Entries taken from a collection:
┌──
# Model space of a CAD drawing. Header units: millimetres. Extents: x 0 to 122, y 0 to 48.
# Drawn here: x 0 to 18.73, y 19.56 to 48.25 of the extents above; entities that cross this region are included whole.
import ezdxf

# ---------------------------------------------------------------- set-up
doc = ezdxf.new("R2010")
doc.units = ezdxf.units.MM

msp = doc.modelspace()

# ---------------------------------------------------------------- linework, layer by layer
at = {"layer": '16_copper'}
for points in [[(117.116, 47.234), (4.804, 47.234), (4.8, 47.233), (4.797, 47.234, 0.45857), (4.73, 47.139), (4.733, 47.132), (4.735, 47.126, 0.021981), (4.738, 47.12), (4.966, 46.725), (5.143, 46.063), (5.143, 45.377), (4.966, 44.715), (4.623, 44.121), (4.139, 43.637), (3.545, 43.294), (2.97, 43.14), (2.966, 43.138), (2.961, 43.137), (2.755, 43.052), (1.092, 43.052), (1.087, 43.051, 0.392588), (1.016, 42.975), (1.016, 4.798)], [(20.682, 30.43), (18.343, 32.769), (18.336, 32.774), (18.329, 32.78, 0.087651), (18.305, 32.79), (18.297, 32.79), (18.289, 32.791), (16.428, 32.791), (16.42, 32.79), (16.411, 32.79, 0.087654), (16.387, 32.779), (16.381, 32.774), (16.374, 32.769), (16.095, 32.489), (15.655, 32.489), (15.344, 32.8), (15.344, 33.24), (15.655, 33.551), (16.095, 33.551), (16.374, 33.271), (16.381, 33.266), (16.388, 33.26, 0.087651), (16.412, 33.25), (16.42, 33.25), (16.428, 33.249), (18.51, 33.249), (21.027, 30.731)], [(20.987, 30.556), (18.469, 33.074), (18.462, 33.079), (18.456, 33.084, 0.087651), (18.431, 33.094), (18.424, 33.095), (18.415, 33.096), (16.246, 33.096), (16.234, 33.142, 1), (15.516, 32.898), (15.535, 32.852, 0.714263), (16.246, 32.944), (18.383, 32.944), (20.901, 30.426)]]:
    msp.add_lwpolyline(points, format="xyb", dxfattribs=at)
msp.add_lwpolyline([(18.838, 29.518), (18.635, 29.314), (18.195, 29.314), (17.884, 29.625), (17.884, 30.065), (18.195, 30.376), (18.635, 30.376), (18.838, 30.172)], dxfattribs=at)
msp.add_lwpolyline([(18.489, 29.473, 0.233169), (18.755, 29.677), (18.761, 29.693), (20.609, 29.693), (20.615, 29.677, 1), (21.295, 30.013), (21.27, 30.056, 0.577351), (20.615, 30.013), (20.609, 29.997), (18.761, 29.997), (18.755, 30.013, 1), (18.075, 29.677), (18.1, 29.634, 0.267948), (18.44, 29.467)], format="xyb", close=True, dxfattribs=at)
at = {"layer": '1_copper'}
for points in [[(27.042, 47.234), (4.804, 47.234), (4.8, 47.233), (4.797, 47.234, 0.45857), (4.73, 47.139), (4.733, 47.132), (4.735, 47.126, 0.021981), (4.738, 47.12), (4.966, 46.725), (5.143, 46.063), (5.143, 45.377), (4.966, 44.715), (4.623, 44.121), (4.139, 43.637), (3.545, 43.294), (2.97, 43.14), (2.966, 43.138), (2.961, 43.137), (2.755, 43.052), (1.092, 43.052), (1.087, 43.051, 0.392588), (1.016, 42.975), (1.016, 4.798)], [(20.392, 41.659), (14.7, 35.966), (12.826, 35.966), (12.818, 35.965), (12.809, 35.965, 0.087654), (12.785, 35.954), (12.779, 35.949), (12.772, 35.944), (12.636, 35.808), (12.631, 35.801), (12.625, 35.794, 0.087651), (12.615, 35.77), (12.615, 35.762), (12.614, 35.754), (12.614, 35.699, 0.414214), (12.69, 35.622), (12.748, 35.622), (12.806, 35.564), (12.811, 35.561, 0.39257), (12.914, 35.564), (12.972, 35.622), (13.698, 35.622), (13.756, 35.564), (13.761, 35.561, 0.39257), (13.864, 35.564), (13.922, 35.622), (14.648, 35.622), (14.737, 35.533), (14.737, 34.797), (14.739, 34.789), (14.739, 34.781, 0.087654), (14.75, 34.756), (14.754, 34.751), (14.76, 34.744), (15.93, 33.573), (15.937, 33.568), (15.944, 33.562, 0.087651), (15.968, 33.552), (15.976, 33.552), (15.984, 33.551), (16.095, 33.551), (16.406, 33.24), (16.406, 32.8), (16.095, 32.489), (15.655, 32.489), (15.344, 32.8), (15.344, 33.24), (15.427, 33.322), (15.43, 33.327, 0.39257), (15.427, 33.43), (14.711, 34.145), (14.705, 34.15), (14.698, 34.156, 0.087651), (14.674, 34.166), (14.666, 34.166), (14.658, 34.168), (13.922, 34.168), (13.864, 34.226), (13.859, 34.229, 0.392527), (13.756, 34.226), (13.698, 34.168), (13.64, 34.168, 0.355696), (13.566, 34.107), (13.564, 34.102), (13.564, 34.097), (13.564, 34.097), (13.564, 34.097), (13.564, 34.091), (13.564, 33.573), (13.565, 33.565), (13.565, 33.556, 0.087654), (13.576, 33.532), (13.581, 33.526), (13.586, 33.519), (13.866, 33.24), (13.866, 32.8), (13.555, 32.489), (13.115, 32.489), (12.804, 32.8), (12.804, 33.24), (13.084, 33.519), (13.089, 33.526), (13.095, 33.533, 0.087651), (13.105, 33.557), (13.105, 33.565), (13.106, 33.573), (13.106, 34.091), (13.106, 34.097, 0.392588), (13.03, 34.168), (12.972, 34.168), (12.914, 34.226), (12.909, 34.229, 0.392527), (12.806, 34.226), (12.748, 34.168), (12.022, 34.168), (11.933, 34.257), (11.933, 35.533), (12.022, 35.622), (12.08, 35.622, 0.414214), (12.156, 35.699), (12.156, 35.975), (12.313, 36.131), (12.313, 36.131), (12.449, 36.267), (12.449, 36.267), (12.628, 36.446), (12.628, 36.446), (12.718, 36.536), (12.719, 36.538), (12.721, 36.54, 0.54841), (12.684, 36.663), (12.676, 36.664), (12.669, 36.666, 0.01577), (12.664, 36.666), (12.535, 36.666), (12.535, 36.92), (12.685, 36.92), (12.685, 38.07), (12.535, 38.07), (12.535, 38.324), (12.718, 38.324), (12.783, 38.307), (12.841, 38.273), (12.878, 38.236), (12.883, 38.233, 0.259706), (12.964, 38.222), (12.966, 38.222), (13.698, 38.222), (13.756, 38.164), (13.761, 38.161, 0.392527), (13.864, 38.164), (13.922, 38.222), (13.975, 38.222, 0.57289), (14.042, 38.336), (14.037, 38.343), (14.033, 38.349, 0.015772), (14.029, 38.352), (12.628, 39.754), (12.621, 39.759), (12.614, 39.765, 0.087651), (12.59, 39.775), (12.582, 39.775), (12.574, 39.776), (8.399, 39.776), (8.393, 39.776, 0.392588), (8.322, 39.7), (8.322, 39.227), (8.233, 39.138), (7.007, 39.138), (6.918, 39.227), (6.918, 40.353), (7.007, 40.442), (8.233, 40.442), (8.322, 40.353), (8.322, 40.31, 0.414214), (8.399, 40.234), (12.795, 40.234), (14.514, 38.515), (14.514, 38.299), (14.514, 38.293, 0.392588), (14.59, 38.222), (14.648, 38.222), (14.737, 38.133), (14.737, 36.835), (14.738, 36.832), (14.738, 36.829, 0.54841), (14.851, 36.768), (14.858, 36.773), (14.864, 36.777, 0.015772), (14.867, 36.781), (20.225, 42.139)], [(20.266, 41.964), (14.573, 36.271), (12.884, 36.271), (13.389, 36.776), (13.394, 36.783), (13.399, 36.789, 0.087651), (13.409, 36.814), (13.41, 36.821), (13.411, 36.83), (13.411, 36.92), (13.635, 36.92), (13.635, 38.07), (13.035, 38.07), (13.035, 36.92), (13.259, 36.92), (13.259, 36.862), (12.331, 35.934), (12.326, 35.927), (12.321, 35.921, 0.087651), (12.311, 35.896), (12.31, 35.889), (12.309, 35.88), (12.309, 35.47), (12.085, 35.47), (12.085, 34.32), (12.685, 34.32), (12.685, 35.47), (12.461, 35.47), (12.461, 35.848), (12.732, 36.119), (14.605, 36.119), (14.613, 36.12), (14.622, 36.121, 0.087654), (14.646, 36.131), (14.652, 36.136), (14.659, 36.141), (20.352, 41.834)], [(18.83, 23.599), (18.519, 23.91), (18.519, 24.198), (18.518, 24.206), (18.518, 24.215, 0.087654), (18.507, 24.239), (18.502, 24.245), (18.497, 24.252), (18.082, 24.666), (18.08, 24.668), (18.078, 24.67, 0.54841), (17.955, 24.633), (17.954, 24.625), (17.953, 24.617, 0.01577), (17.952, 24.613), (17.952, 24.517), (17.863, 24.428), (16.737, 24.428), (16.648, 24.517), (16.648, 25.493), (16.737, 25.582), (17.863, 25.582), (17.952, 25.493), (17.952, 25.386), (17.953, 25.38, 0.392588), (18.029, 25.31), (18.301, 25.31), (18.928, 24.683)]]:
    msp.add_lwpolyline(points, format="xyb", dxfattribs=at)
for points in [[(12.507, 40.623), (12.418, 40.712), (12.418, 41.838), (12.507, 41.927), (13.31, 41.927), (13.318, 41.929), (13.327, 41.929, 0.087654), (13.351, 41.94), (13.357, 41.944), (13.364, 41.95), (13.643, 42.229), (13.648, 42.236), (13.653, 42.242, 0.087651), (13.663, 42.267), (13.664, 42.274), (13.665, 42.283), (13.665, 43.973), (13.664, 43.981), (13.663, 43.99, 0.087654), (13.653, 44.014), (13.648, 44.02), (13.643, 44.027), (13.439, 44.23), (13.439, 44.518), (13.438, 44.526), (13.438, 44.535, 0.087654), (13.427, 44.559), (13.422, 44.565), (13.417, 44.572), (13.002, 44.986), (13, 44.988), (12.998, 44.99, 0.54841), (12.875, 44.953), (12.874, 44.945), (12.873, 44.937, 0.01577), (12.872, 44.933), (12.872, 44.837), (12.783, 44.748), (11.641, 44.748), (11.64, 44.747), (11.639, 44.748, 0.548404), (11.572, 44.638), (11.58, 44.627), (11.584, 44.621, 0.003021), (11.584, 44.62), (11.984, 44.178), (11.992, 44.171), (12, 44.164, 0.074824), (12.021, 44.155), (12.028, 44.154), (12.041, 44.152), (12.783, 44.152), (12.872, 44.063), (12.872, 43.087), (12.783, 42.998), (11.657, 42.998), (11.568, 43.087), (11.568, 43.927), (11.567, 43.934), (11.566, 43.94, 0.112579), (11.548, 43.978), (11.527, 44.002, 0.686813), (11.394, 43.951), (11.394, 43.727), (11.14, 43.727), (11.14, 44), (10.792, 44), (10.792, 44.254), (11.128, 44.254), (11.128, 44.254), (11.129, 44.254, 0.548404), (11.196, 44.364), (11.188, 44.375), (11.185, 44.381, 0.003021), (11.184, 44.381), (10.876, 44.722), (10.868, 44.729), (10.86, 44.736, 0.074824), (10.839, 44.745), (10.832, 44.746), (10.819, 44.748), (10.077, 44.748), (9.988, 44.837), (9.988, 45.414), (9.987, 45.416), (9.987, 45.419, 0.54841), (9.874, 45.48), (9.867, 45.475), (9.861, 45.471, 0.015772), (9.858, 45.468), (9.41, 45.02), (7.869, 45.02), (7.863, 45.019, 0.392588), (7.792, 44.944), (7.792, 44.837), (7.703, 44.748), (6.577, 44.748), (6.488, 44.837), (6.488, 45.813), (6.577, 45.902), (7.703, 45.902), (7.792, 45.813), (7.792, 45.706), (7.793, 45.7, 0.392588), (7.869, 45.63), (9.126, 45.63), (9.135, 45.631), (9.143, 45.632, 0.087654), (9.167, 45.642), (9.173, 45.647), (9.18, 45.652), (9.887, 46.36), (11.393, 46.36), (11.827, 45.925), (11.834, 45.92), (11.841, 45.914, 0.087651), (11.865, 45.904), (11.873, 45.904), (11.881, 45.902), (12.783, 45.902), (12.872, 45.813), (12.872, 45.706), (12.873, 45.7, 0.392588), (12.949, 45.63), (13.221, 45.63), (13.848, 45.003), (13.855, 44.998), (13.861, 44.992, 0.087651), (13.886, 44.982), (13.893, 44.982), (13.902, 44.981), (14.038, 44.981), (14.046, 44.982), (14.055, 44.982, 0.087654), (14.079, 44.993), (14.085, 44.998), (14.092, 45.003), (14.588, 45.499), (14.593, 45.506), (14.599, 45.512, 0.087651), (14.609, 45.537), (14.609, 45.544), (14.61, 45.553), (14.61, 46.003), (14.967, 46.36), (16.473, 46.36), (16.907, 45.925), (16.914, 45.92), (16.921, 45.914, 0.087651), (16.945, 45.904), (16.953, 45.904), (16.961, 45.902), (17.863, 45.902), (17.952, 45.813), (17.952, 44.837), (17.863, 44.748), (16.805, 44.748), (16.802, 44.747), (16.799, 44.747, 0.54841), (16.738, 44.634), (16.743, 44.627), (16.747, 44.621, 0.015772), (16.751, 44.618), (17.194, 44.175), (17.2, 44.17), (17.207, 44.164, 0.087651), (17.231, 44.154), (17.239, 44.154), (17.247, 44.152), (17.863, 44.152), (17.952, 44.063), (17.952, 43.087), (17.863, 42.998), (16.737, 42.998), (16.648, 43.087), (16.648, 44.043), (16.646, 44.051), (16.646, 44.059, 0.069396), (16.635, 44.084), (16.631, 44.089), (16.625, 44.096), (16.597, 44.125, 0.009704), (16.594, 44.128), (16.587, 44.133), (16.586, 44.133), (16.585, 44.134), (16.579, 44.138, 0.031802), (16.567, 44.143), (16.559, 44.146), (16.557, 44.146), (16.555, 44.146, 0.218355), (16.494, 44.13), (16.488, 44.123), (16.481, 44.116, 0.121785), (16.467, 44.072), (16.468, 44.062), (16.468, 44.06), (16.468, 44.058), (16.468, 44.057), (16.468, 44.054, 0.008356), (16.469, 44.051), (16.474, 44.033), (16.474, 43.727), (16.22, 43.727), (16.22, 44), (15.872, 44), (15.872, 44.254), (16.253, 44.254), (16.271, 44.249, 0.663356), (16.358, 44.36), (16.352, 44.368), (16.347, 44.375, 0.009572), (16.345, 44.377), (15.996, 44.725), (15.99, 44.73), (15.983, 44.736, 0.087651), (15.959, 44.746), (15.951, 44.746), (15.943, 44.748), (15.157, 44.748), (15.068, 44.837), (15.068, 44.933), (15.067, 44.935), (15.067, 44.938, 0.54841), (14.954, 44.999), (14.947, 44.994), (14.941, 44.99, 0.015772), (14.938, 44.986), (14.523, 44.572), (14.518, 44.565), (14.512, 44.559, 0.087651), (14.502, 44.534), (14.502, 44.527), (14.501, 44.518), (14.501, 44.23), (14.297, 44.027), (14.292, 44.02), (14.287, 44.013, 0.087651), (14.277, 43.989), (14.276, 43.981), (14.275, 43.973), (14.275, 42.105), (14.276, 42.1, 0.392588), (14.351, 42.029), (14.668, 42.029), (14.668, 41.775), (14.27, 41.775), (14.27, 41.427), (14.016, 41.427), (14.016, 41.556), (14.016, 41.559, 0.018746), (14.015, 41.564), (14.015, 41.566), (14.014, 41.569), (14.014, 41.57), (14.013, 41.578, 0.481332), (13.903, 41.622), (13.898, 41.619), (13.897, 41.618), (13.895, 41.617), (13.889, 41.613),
└──
TASK INSTRUCTIONS — Print exactly the lines from the beginning of the entries through the line with "msp = doc.modelspace()". Output nothing more.

RESULT OF THE TASK —
# Model space of a CAD drawing. Header units: millimetres. Extents: x 0 to 122, y 0 to 48.
# Drawn here: x 0 to 18.73, y 19.56 to 48.25 of the extents above; entities that cross this region are included whole.
import ezdxf

# ---------------------------------------------------------------- set-up
doc = ezdxf.new("R2010")
doc.units = ezdxf.units.MM

msp = doc.modelspace()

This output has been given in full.